# Heavier Trucks for our Highways?



## The Davy Crockett (Feb 27, 2013)

There is a bill in front of the House to *increase allowed *truck weights on our highways from 80,000 lbs to 97,000 lbs. (Text of H.R 612 is here.) This, while Congress had already ordered a study, which is underway, on the issue. Needless to say there is widespread opposition to this coming from the railroads, their suppliers their unions and it seems just about everyone else involved in shipping frieght by rail. Here is a copy of a letter they have sent to House members urging them to not co-sponser the bill submitted by Representitives Mike Michaud (D-ME) and Reid Ribble (R-WI) - who is also vice chair of the Highways and Transit Subcommittee on the House Transportation and Infrastructure Committee.

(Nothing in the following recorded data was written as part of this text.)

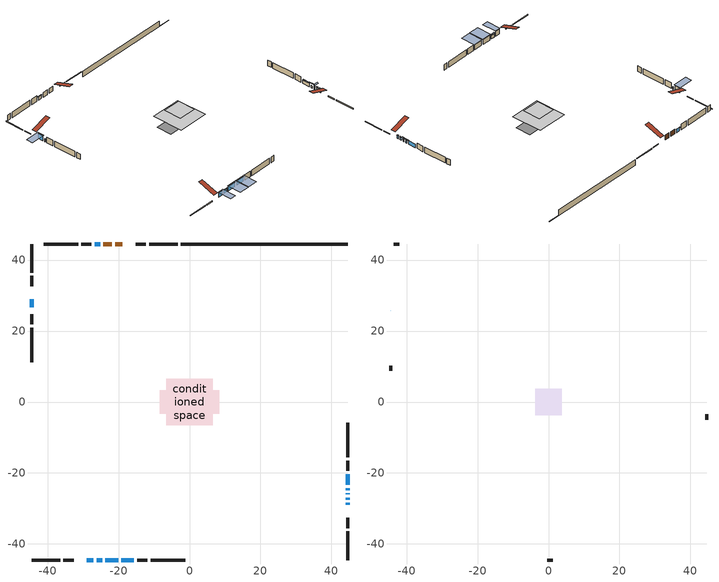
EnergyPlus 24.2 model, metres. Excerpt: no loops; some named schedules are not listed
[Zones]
conditioned space
 floor outside (Floor1 construction): -3.84,-3.84 -3.84,3.84 3.84,3.84 3.84,-3.84 z1.22
 floor adiabatic (AdiabaticFloorConstruction): -6.59,-6.59 -6.59,6.59 6.59,6.59 6.59,-6.59 z1.22
 floor foundation (Slab1 construction): -8.42,-3.32 -8.42,3.32 8.42,3.32 8.42,-3.32 z-1.22
 wall outside (RimJoist1 construction): -3.33,44.54 -11.41,44.54 / -44.54,-44.54 -36.46,-44.54 / -44.54,44.54 -44.54,36.46 / 44.54,-44.54 44.54,-36.46 z1.22:1.52
 wall outside (RimJoist2 construction): -12.34,44.54 -15.17,44.54 / -35.53,-44.54 -32.69,-44.54 / -44.54,35.53 -44.54,32.69 / 44.54,-35.53 44.54,-32.69 z1.22:1.52
 wall outside (AdiabaticWallConstruction 1): -18.94,44.54 -20.96,44.54 / -21.88,44.54 -24.24,44.54 z1.22:3.25
 wall outside (AdiabaticWallConstruction): -44.54,28.92 -44.54,26.69 / -28.92,-44.54 -27.09,-44.54 / -23.71,-44.54 -20.15,-44.54 / -19.22,-44.54 -15.66,-44.54 z1.22:3.33; 44.54,-28.92 44.54,-28.41 / -25.17,44.54 -26.7,44.54 / 44.54,-27.49 44.54,-26.97 / -26.17,-44.54 -24.64,-44.54 / 44.54,-23.38 44.54,-20.32 z1.22:2.69; 44.54,-26.05 44.54,-25.74 z1.22:3; 44.54,-24.81 44.54,-24.3 z1.22:2.19
 wall outside (Wall1 construction): -27.63,44.54 -30.5,44.54 / -14.74,-44.54 -11.87,-44.54 / -44.54,24.74 -44.54,21.87 / 44.54,-19.39 44.54,-16.52 z1.22:3.66
 wall outside (Wall2 construction): -31.43,44.54 -41.15,44.54 / -10.94,-44.54 -1.22,-44.54 / -44.54,20.94 -44.54,11.22 / 44.54,-15.59 44.54,-5.87 z1.22:3.66
 wall foundation (FoundationWall1 construction): -2.4,44.54,-1.22 -2.4,44.54,1.22 39.28,44.54,1.22 39.28,44.54,-1.12 44.54,44.54,-1.12 44.54,44.54,-1.22
 window (WindowConstruction): -44.54,28.92 -44.54,26.69 z1.22:3.33
 window (WindowConstruction 3): 44.54,-28.92 44.54,-28.41 z1.22:2.69
 window (WindowConstruction 4): -25.17,44.54 -26.7,44.54 z1.22:2.69
 window (WindowConstruction 5): 44.54,-27.49 44.54,-26.98 z1.22:2.69
 window (WindowConstruction 6): -28.92,-44.54 -27.09,-44.54 z1.22:3.33
 window (WindowConstruction 7): -26.17,-44.54 -24.64,-44.54 z1.22:2.69
 window (WindowConstruction 1): -23.71,-44.54 -20.15,-44.54 z1.22:3.33
 window (WindowConstruction 10): -19.22,-44.54 -15.67,-44.54 z1.22:3.33
 window (WindowConstruction 8): 44.54,-26.05 44.54,-25.74 z1.22:3
 window (WindowConstruction 9): 44.54,-24.81 44.54,-24.3 z1.22:2.19
 window (WindowConstruction 2): 44.54,-23.37 44.54,-20.32 z1.22:2.69
 door (Door): -18.94,44.54 -20.96,44.54 z1.22:3.25
 door (Door 1): -21.89,44.54 -24.24,44.54 z1.22:3.25
 ceiling adiabatic (AdiabaticFloorConstruction): 6.59,-6.59 6.59,6.59 -6.59,6.59 -6.59,-6.59 z1.22
attic - vented
 floor to conditioned space (Floor2 construction Reversed): -3.72,-3.72 -3.72,3.72 3.72,3.72 3.72,-3.72 z3.66
 wall outside (AdiabaticWallConstruction): -44.54,25.76 -44.54,25.66 z1.22:2.44
 wall outside (Wall3 construction): -42.08,44.54 -43.61,44.54 / -0.29,-44.54 1.24,-44.54 / -44.54,10.29 -44.54,8.76 / 44.54,-4.94 44.54,-3.41 z1.22:3.66
 window (WindowConstruction 11): -44.54,25.76 -44.54,25.67 z1.22:2.44
 roof outside (Roof1 construction): -18.02,44.54,3.66 -18.02,37.28,6.08 -16.1,37.28,6.08 -16.1,44.54,3.66; -29.85,-44.54,3.66 -29.85,-37.28,6.08 -31.76,-37.28,6.08 -31.76,-44.54,3.66; -44.54,29.85,3.66 -37.28,29.85,6.08 -37.28,31.76,6.08 -44.54,31.76,3.66; 44.54,-29.85,3.66 37.28,-29.85,6.08 37.28,-31.76,6.08 44.54,-31.76,3.66
shading: -44.54,26.39 -44.54,29.22 -50.64,29.22 -50.64,26.39 z3.63; 44.54,-28.3 44.54,-29.04 44.84,-29.04 44.84,-28.3 z2.81; -26.79,44.54 -25.08,44.54 -25.08,44.84 -26.79,44.84 z2.78; 44.54,-26.88 44.54,-27.58 44.84,-27.58 44.84,-26.88 z2.78; -26.8,-44.54 -29.22,-44.54 -29.22,-50.64 -26.8,-50.64 z3.63; -24.34,-44.54 -26.46,-44.54 -26.46,-44.84 -24.34,-44.84 z2.99; -19.85,-44.54 -24.01,-44.54 -24.01,-50.64 -19.85,-50.64 z3.63; -15.37,-44.54 -19.52,-44.54 -19.52,-50.64 -15.37,-50.64 z3.63; 44.54,-25.56 44.54,-26.23 46.37,-26.23 46.37,-25.56 z3.18; 44.54,-23.39 44.54,-25.72 44.94,-25.72 44.94,-23.39 z3.1; 44.54,-20.2 44.54,-23.49 44.84,-23.49 44.84,-20.2 z2.81
[Building]
Building 1: Terrain=Suburbs
[Site:Location]
Sault Ste Marie AP_ON: Latitude {deg}=46.49; Longitude {deg}=-84.51; Time Zone {hr}=-5; Elevation {m}=192; Keep Site Location Information=Yes
[Site:GroundTemperature:Shallow]
0.840846, -1.16074, -1.32103, -0.371179, 3.44196, 7.23733, 10.5277, 12.6121, 12.7892, 11.0939, 7.8874, 4.20846
[Site:WaterMainsTemperature]
Calculation Method=Schedule; Temperature Schedule=mains temperature schedule
[Material] Roughness=Rough; Thermal Absorptance=0.9
Name | Thickness {m} | Conductivity {W/m-K} | Density {kg/m3} | Specific Heat {J/kg-K} | Solar Absorptance | Visible Absorptance
asphalt or fiberglass shingles | 0.00635 | 0.162714 | 1121.4 | 1465.45 | 0.95 | 0.95
ceiling loosefill ins | 0.169333 | 0.0480833 | 16.02 | 1046.75 | 0.7 | 0.7
ceiling stud and cavity | 0.1397 | 0.881493 | 65.682 | 1177.47 | 0.7 | 0.7
concrete 4.0 in. | 0.1016 | 1.803125 | 2242.8 | 837.4 | 0.7 | 0.7
concrete 8.0 in. | 0.2032 | 1.803125 | 2242.8 | 837.4 | 0.7 | 0.7
door material | 0.04445 | 0.053851 | 512.64 | 1214.23 | 0.7 | 0.7
exterior vertical ins | 0.0220378 | 0.029427 | 32.04 | 1214.23 | 0.7 | 0.7
floor covering | 0.0127 | 0.0433444 | 54.468 | 1339.84 | 0.6 | 0.6
floor rigid ins; rim joist rigid ins | 0.051816 | 0.029427 | 32.04 | 1214.23 | 0.7 | 0.7
floor rigid ins 1; wall rigid ins | 0.512978 | 0.029427 | 32.04 | 1214.23 | 0.7 | 0.7
floor stud and cavity | 0.1397 | 0.103009 | 92.3553 | 1139.71 | 0.7 | 0.7
floor stud and cavity 1 | 0.1397 | 1.75129 | 37.0049 | 1207.88 | 0.7 | 0.7
furniture material conditioned space 1 | 0.1524 | 0.115458 | 640.8 | 1214.23 | 0.6 | 0.6
gypsum board | 0.0127 | 0.160291 | 801 | 837.4 | 0.6 | 0.6
gypsum board 1 | 0.0127 | 0.160291 | 801 | 837.4 | 0.7 | 0.7
osb sheathing 0.5 in. | 0.0127 | 0.115458 | 512.64 | 1214.23 | 0.7 | 0.7
osb sheathing 0.75 in. | 0.01905 | 0.115458 | 512.64 | 1214.23 | 0.7 | 0.7
osb sheathing 2.0 in. | 0.0508 | 0.115458 | 512.64 | 1214.23 | 0.7 | 0.7
rim joist stud and cavity | 0.0508 | 0.275866 | 125.044 | 1163.47 | 0.6 | 0.6
rim joist stud and cavity 1 | 0.0508 | 0.0316484 | 125.044 | 1163.47 | 0.6 | 0.6
wall stud and cavity | 0.1397 | 0.100175 | 139.0536 | 1170.24 | 0.7 | 0.7
wall stud and cavity 1 | 0.1397 | 0.080875 | 139.0536 | 1170.24 | 0.7 | 0.7
wall stud and cavity 2 | 0.0889 | 6.1454 | 50.32683 | 1063.81 | 0.6 | 0.6
wall stud and cavity 3 | 0.0889 | 0.380278 | 52.3479 | 1209.89 | 0.7 | 0.7
wall stud and cavity 4 | 0.0889 | 0.391764 | 83.0341 | 1211.67 | 0.7 | 0.7
wood siding | 0.0254 | 0.102417 | 544.68 | 1172.36 | 0.84 | 0.84
wood siding 1 | 0.00254 | 0.102417 | 544.68 | 1172.36 | 0.84 | 0.84
wood siding 2; wood siding 3; wood siding 4 | 0.0254 | 0.102417 | 544.68 | 1172.36 | 0.7 | 0.7
[WindowMaterial:SimpleGlazingSystem]
Name | U-Factor {W/m2-K} | Solar Heat Gain Coefficient
WindowMaterial | 2.51933 | 0.57
WindowMaterial 1 | 2.455735 | 0.6
WindowMaterial 2 | 2.665821 | 0.48
WindowMaterial 3 | 2.86342 | 0.61
WindowMaterial 4 | 2.2712 | 0.57
WindowMaterial 5 | 2.54431 | 0.56
WindowMaterial 6 | 3.000823 | 0.34
WindowMaterial 7 | 2.64141 | 0.55
WindowMaterial 8 | 3.22056 | 0.34
[Construction]
AdiabaticFloorConstruction: floor stud and cavity 1, floor rigid ins 1, osb sheathing 0.75 in., floor covering
AdiabaticWallConstruction: wood siding 3, wall rigid ins, wall stud and cavity 3, gypsum board
AdiabaticWallConstruction 1: wood siding 4, wall rigid ins, wall stud and cavity 3, gypsum board
Door; Door 1: door material
Floor1 construction: floor stud and cavity, floor rigid ins, osb sheathing 0.75 in., floor covering
Floor2 construction Reversed: gypsum board, ceiling stud and cavity, ceiling loosefill ins
FoundationWall1 construction: concrete 8.0 in., gypsum board 1
furniture construction conditioned space 1: furniture material conditioned space 1
PartitionWallConstruction: gypsum board, wall stud and cavity 4, gypsum board
RimJoist1 construction: wood siding 2, rim joist rigid ins, osb sheathing 2.0 in., rim joist stud and cavity
RimJoist2 construction: wood siding 2, osb sheathing 2.0 in., rim joist stud and cavity 1
Roof1 construction: asphalt or fiberglass shingles
Slab1 construction: concrete 4.0 in.
Wall1 construction: wood siding, osb sheathing 0.5 in., wall stud and cavity, gypsum board
Wall2 construction: wood siding, osb sheathing 0.5 in., wall stud and cavity 1, gypsum board
Wall3 construction: wood siding 1, wall stud and cavity 2
WindowConstruction: WindowMaterial
WindowConstruction 1; WindowConstruction 10: WindowMaterial 1
WindowConstruction 11: WindowMaterial 8
WindowConstruction 2; WindowConstruction 4; WindowConstruction 7: WindowMaterial 2
WindowConstruction 3: WindowMaterial 3
WindowConstruction 5: WindowMaterial 4
WindowConstruction 6: WindowMaterial 5
WindowConstruction 8: WindowMaterial 6
WindowConstruction 9: WindowMaterial 7
[Zone] Multiplier=1; Part of Total Floor Area=Yes
Name | Volume {m3}
attic - vented | 21.7916
conditioned space | 732.3
[Space]
Name | Zone | Volume {m3}
attic - vented 1 | attic - vented | 21.7916
conditioned space 1 | conditioned space | 732.3
[ZoneInfiltration:EffectiveLeakageArea]
infil attic - vented 1: Zone or Space=attic - vented 1; Schedule=Always On Discrete; Effective Air Leakage Area {cm2}=2183.61; Stack Coefficient=0.000337887; Wind Coefficient=1.24196e-05
[ZoneMixing]
whole house fan mix: Zone or Space=attic - vented; Schedule=Always On Continuous; Design Flow Rate Calculation Method=Flow/Zone; Design Flow Rate {m3/s}=0; Source Zone or Space=conditioned space
[SurfaceProperty:ExposedFoundationPerimeter]
Slab1: Exposed Perimeter Calculation Method=TotalExposedPerimeter; Total Exposed Perimeter {m}=46.939
[InternalMass] Zone or ZoneList=conditioned space; Space or SpaceList=conditioned space 1
Name | Construction | Surface Area {m2}
furniture mass conditioned space 1 | furniture construction conditioned space 1 | 137.644
partition wall mass | PartitionWallConstruction | 344.11
[Lights]
interior lighting: Zone or ZoneList or Space or SpaceList=conditioned space 1; Schedule=interior lighting schedule; Design Level Calculation Method=LightingLevel; Lighting Level {W}=343.2; Return Air Fraction=0; Fraction Radiant=0.6; Fraction Visible=0.2; Fraction Replaceable=1
[People]
occupants: Zone or ZoneList or Space or SpaceList=conditioned space 1; Number of People Schedule=occupants schedule; Number of People Calculation Method=People; Number of People=3; Fraction Radiant=0.314171; Sensible Heat Fraction=0.56303; Activity Level Schedule=occupants activity schedule; Carbon Dioxide Generation Rate {m3/s-W}=0; Enable ASHRAE 55 Comfort Warnings=No; Mean Radiant Temperature Calculation Type=EnclosureAveraged
[ElectricEquipment] Zone or ZoneList or Space or SpaceList=conditioned space 1; Design Level Calculation Method=EquipmentLevel
Name | Schedule | Design Level {W} | Fraction Latent | Fraction Radiant | Fraction Lost
clothes dryer | clothes dryer schedule | 140.772 | 0.015 | 0.081 | 0.85
clothes washer | clothes washer schedule | 32.1985 | 0.03 | 0.162 | 0.7
cooking range | cooking range schedule | 215.147 | 0.08 | 0.432 | 0.2
dishwasher | dishwasher schedule | 66.8632 | 0.3 | 0.18 | 0.4
fridge | fridge schedule | 72.9452 | 0 | 0.6 | 0
mech vent bath fan 0 | mech vent bath fan 0 schedule | 50.2 | 0 | 0 | 1
mech vent bath fan 1 | mech vent bath fan 1 schedule | 50.2 | 0 | 0 | 1
mech vent house fan | mech vent house fan schedule | 0 | 0 | 0 | 1
mech vent house fan cfis | mech vent house fan cfis schedule | 0 | 0 | 0 | 0
misc plug loads | misc plug loads schedule | 494.7 | 0.045 | 0.513 | 0.1
whole house fan | Always On Discrete | 0 | 0 | 0 | 1
[OtherEquipment] Zone or ZoneList or Space or SpaceList=conditioned space 1; Design Level Calculation Method=EquipmentLevel
Name | Fuel Type | Schedule | Design Level {W} | Fraction Latent | Fraction Radiant | Fraction Lost
clothes dryer 1 | Electricity | clothes dryer schedule | 0 | 0.015 | 0.081 | 0.85
cooking range 1 | Electricity | cooking range schedule | 0 | 0.08 | 0.432 | 0.2
general water use latent | None | general water use schedule | 62.594 | 1 | 0 | 0
general water use sensible | None | general water use schedule | -61.6891 | 0 | 0.6 | 0
mech vent house fan latent load | None | Always On Discrete | 0 | 1 | 0 | 0
mech vent house fan sensible load | None | Always On Discrete | 0 | 0 | 0 | 0
water heater energy adjustment1 | NaturalGas | Always On Discrete | 0.01 | 0 | 0 | 1
[ZoneInfiltration:DesignFlowRate] Zone or ZoneList or Space or SpaceList=conditioned space 1; Schedule=Always On Discrete; Design Flow Rate Calculation Method=Flow/Zone; Design Flow Rate {m3/s}=0
infil flow; natural vent flow; whole house fan flow
[AvailabilityManager:Scheduled]
central ac and furnace airloop Availability Manager: Schedule=Always On Discrete
[Foundation:Kiva]
Foundation Kiva 1: Initial Indoor Air Temperature {C}=21.1111; Wall Height Above Grade {m}=1.21999; Wall Depth Below Slab {m}=0.2032; Custom Block Material Name 1=exterior vertical ins; Custom Block Depth 1 {m}=2.43998; Custom Block X Position 1 {m}=0.2159; Custom Block Z Position 1 {m}=0
[Foundation:Kiva:Settings]
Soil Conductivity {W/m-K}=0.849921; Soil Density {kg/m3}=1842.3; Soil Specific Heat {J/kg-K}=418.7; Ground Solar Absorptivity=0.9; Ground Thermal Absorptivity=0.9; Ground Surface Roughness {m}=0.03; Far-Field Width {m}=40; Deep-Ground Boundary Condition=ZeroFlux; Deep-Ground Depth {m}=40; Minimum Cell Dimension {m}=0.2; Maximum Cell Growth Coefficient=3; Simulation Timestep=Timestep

My understanding is that trucks, due to their weight, already cause a disproportianetly large amount of the wear and tear to our highway and bridge infastructure. So lets let them do more damage so they can make the most of their highway taxes! :angry2: :angry2: :angry2:

EDIT: So it occured to me that both sponsers of this bill are from states that border, or are close to, our neighbor to the north. And guess what it allows? 100,000 lbs. - surprise, surprise - according to this article.

Here are a few quotes from the article:



> "In my state, the main roads from Canada allow higher weights, so trucks coming from there cannot use the highways and must be diverted to secondary roads. That's a safety issue," says Rep. Michael Michaud (D-ME). "It's also an economic competitiveness issue when the countries we trade with can load their trucks to 100,000 lbs., while we are limited to 80,000 lbs. That's why I'm encouraged by the willingness of Congress to be open about this issue."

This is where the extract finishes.